BOGOTÁ, Colombia – Colombian senator and 2026 presidential hopeful Miguel Uribe has died, two months after being critically wounded in a targeted attack during a campaign rally in the capital.
Uribe, 39, was shot three times — twice in the head and once in the leg — on June 7 while addressing supporters in a middle-class Bogotá neighbourhood.
His death was confirmed on Saturday by his wife, María Claudia Tarazona, who described him as “the love of my life” and “the best father” to their children.
The Santa Fe clinic, where Uribe had been receiving treatment, said he succumbed to complications from a bleed to his central nervous system despite multiple surgeries since the attack.
Police arrested a 15-year-old boy moments after the shooting as he tried to flee. The teenager, charged with attempted murder, has pleaded not guilty.
Several others have been detained on suspicion of aiding the gunman. Authorities have yet to establish a motive.
Uribe had served in the Senate since 2022 and was vying for his party’s presidential nomination for the 2026 election.
His political ambitions were shaped by personal tragedy — his mother, journalist Diana Turbay, was kidnapped in 1990 by the notorious criminal alliance Los Extraditables and killed during a botched rescue attempt five months later.

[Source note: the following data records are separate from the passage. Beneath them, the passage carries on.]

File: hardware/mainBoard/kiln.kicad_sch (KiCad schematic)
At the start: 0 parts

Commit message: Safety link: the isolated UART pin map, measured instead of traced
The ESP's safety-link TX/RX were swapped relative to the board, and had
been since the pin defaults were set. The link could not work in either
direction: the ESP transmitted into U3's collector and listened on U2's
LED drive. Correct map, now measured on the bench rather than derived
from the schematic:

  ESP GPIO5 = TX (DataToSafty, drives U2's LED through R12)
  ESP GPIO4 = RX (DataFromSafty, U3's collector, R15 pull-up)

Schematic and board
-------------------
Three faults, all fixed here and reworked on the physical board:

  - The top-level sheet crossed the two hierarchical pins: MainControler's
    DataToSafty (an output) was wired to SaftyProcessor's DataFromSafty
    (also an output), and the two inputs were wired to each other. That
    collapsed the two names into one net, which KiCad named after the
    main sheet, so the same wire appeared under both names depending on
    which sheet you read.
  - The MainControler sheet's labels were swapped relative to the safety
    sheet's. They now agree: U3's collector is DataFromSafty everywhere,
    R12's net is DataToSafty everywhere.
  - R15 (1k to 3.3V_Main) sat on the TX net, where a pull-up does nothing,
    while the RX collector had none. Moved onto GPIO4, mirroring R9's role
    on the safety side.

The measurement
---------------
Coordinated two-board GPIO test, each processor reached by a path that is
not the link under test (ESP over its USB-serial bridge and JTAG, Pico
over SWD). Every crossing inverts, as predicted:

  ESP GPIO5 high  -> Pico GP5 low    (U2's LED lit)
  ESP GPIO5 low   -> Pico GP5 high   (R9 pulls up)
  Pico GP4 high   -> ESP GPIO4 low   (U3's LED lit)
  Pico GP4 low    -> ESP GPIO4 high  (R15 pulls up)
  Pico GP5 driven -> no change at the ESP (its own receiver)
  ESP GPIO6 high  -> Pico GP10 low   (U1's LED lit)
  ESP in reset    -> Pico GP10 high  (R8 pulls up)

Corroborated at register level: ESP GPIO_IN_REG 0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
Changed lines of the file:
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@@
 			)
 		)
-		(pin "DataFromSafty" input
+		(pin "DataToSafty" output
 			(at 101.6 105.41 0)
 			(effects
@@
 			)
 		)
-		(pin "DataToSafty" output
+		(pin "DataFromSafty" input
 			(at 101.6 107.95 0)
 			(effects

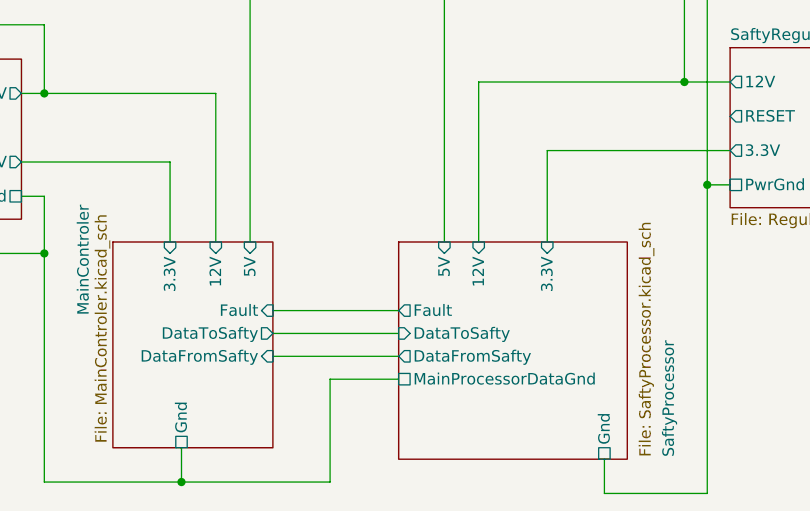
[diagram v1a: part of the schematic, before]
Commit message: Safety link: ADuM1201 replaces the optocouplers, and 9600 was never our limit
The TCMT1109 pair (U2/U3 with R7/R12/R15) that carried the ESP<->RP2040
UART is gone, replaced by one ADuM1201WT digital isolator, U6. Two
properties of that part drove every firmware change here:

  - It does not invert. Each optocoupler did, which is why both ends
    inverted their own TX to cancel it. With a non-inverting barrier
    those cancellations have nothing to cancel, so keeping either one
    parks the far end's RX in a permanent break. Measured with the
    isolator fitted and the old inversions still in place: sent 18,
    received 0, crc/framing errors 33 and climbing, Pico RX pad low on
    2954 of 3000 samples. Both inversions removed:
    uart_set_line_inverse(TXD_INV) from safety_link.c and
    gpio_set_outover(GPIO_OVERRIDE_INVERT) from uart_owner.c.

  - It is fast. The 9600 ceiling was a property of the optocouplers, not
    of either firmware, and every doc that said otherwise was wrong.
    A descending sweep of the standard rates, 60s continuous per rate,
    judged on crc/framing + length-mismatch + crc-mismatch + resync
    deltas: 921600, 460800 and 230400 all clean, zero new errors, status
    replies answering every 500ms poll. Committed value is 230400 -- one
    standard step below the fastest pass is 460800, and 230400 is the
    slower of that and the requested 230400. Two full standard steps of
    margin below a rate that soaks clean.

Also found, while reading the code this change touches: the bootloader's
recovery mode never applied the TX inversion the application did, and its
comment claimed the two matched. Under the optocouplers recovery mode's
Pico->ESP polarity was therefore inverted relative to the application.
Both are non-inverting now, so recovery mode is correct for the first
time -- documented in bootloader/main.c rather than silently fixed.

Baud is hardcoded in three places that must agree, now called out in each:
KilnFW's KILNCTL_SAFET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
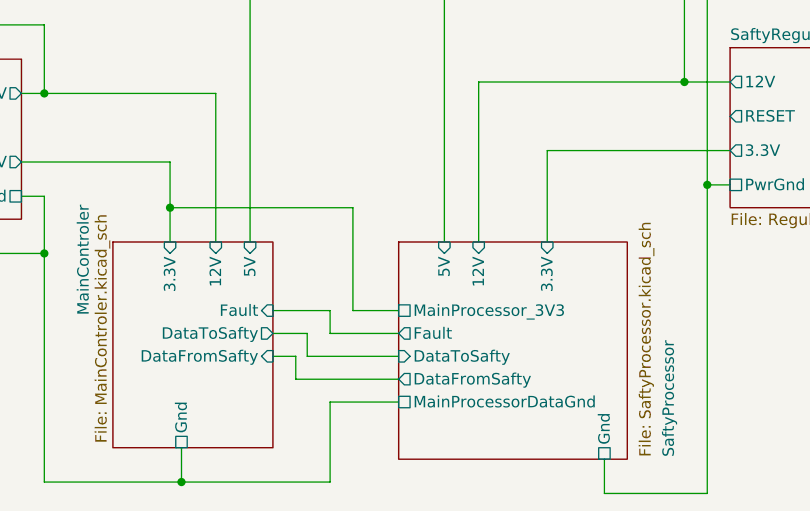
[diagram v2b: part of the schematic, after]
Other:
- sheet SaftyProcessor ports: added MainProcessor_3V3; removed none
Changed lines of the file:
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@@
+	)
+	(junction
+		(at 90.17 91.44)
+		(diameter 0)
+		(color 0 0 0 0)
 	)
 	(junction
@@
 	(wire
 		(pts
-			(xy 115.57 107.95) (xy 101.6 107.95)
+			(xy 110.49 91.44) (xy 90.17 91.44)
+		)
+		(stroke
+			(width 0)
+			(type default)
+		)
+	)
+	(wire
+		(pts
+			(xy 115.57 110.49) (xy 104.14 110.49)
 		)
 		(stroke
@@
 	(wire
 		(pts
-			(xy 115.57 110.49) (xy 107.95 110.49)
+			(xy 115.57 113.03) (xy 107.95 113.03)
+		)
+		(stroke
+			(width 0)
+			(type default)
+		)
+	)
+	(wire
+		(pts
+			(xy 107.95 102.87) (xy 101.6 102.87)
 		)
 		(stroke
@@
 	(wire
 		(pts
-			(xy 115.57 102.87) (xy 101.6 102.87)
+			(xy 115.57 105.41) (xy 107.95 105.41)
 		)
 		(stroke
@@
 	(wire
 		(pts
+			(xy 105.41 107.95) (xy 105.41 105.41)
+		)
+		(stroke
+			(width 0)
+			(type default)
+		)
+	)
+	(wire
+		(pts
 			(xy 48.26 58.42) (xy 38.1 58.42)
 		)
@@
 	(wire
 		(pts
+			(xy 104.14 107.95) (xy 101.6 107.95)
+		)
+		(stroke
+			(width 0)
+			(type default)
+		)
+	)
+	(wire
+		(pts
 			(xy 149.86 62.23) (xy 153.67 62.23)
 		)
@@
 	(wire
 		(pts
-			(xy 107.95 110.49) (xy 107.95 121.92)
+			(xy 110.49 102.87) (xy 110.49 91.44)
+		)
+		(stroke
+			(width 0)
+			(type default)
+		)
+	)
+	(wire
+		(pts
+			(xy 107.95 113.03) (xy 107.95 121.92)
+		)
+		(stroke
+			(width 0)
+			(type default)
+		)
+	)
+	(wire
+		(pts
+			(xy 104.14 110.49) (xy 104.14 107.95)
 		)
 		(stroke
@@
 	(wire
 		(pts
+			(xy 90.17 91.44) (xy 90.17 95.25)
+		)
+		(stroke
+			(width 0)
+			(type default)
+		)
+	)
+	(wire
+		(pts
 			(xy 76.2 71.12) (xy 76.2 78.74)
 		)
@@
 	(wire
 		(pts
-			(xy 115.57 105.41) (xy 101.6 105.41)
+			(xy 115.57 107.95) (xy 105.41 107.95)
 		)
 		(stroke
@@
 	(wire
 		(pts
-			(xy 90.17 86.36) (xy 90.17 95.25)
+			(xy 90.17 86.36) (xy 90.17 91.44)
 		)
 		(stroke
@@
 	(wire
 		(pts
+			(xy 105.41 105.41) (xy 101.6 105.41)
+		)
+		(stroke
+			(width 0)
+			(type default)
+		)
+	)
+	(wire
+		(pts
 			(xy 138.43 123.19) (xy 149.86 123.19)
 		)
@@
 	(wire
 		(pts
+			(xy 115.57 102.87) (xy 110.49 102.87)
+		)
+		(stroke
+			(width 0)
+			(type default)
+		)
+	)
+	(wire
+		(pts
 			(xy 76.2 90.17) (xy 73.66 90.17)
 		)
@@
 		(pts
 			(xy 149.86 123.19) (xy 149.86 88.9)
+		)
+		(stroke
+			(width 0)
+			(type default)
+		)
+	)
+	(wire
+		(pts
+			(xy 107.95 105.41) (xy 107.95 102.87)
 		)
 		(stroke
@@
 		)
 		(pin "DataFromSafty" output
+			(at 115.57 110.49 180)
+			(effects
+				(font
+					(size 1.27 1.27)
+				)
+				(justify left)
+			)
+		)
+		(pin "DataToSafty" input
 			(at 115.57 107.95 180)
 			(effects
@@
 			)
 		)
-		(pin "DataToSafty" input
+		(pin "Fault" output
 			(at 115.57 105.41 180)
-			(effects
-				(font
-					(size 1.27 1.27)
-				)
-				(justify left)
-			)
-		)
-		(pin "Fault" output
-			(at 115.57 102.87 180)
 			(effects
 				(font
@@
 		)
 		(pin "MainProcessorDataGnd" passive
-			(at 115.57 110.49 180)
+			(at 115.57 113.03 180)
 			(effects
 				(font
@@
 			)
 		)
+		(pin "MainProcessor_3V3" passive
+			(at 115.57 102.87 180)
+			(effects
+				(font
+					(size 1.27 1.27)
+				)
+				(justify left)
+			)
+		)

The brazen daylight shooting has revived memories of Colombia’s violent political past in the 1980s and 90s, when several presidential candidates and prominent public figures were assassinated amid drug cartel wars.
In the weeks following the attack, thousands of Colombians held vigils and rallies praying for Uribe’s recovery, underscoring the deep shock and anxiety over the country’s political security climate.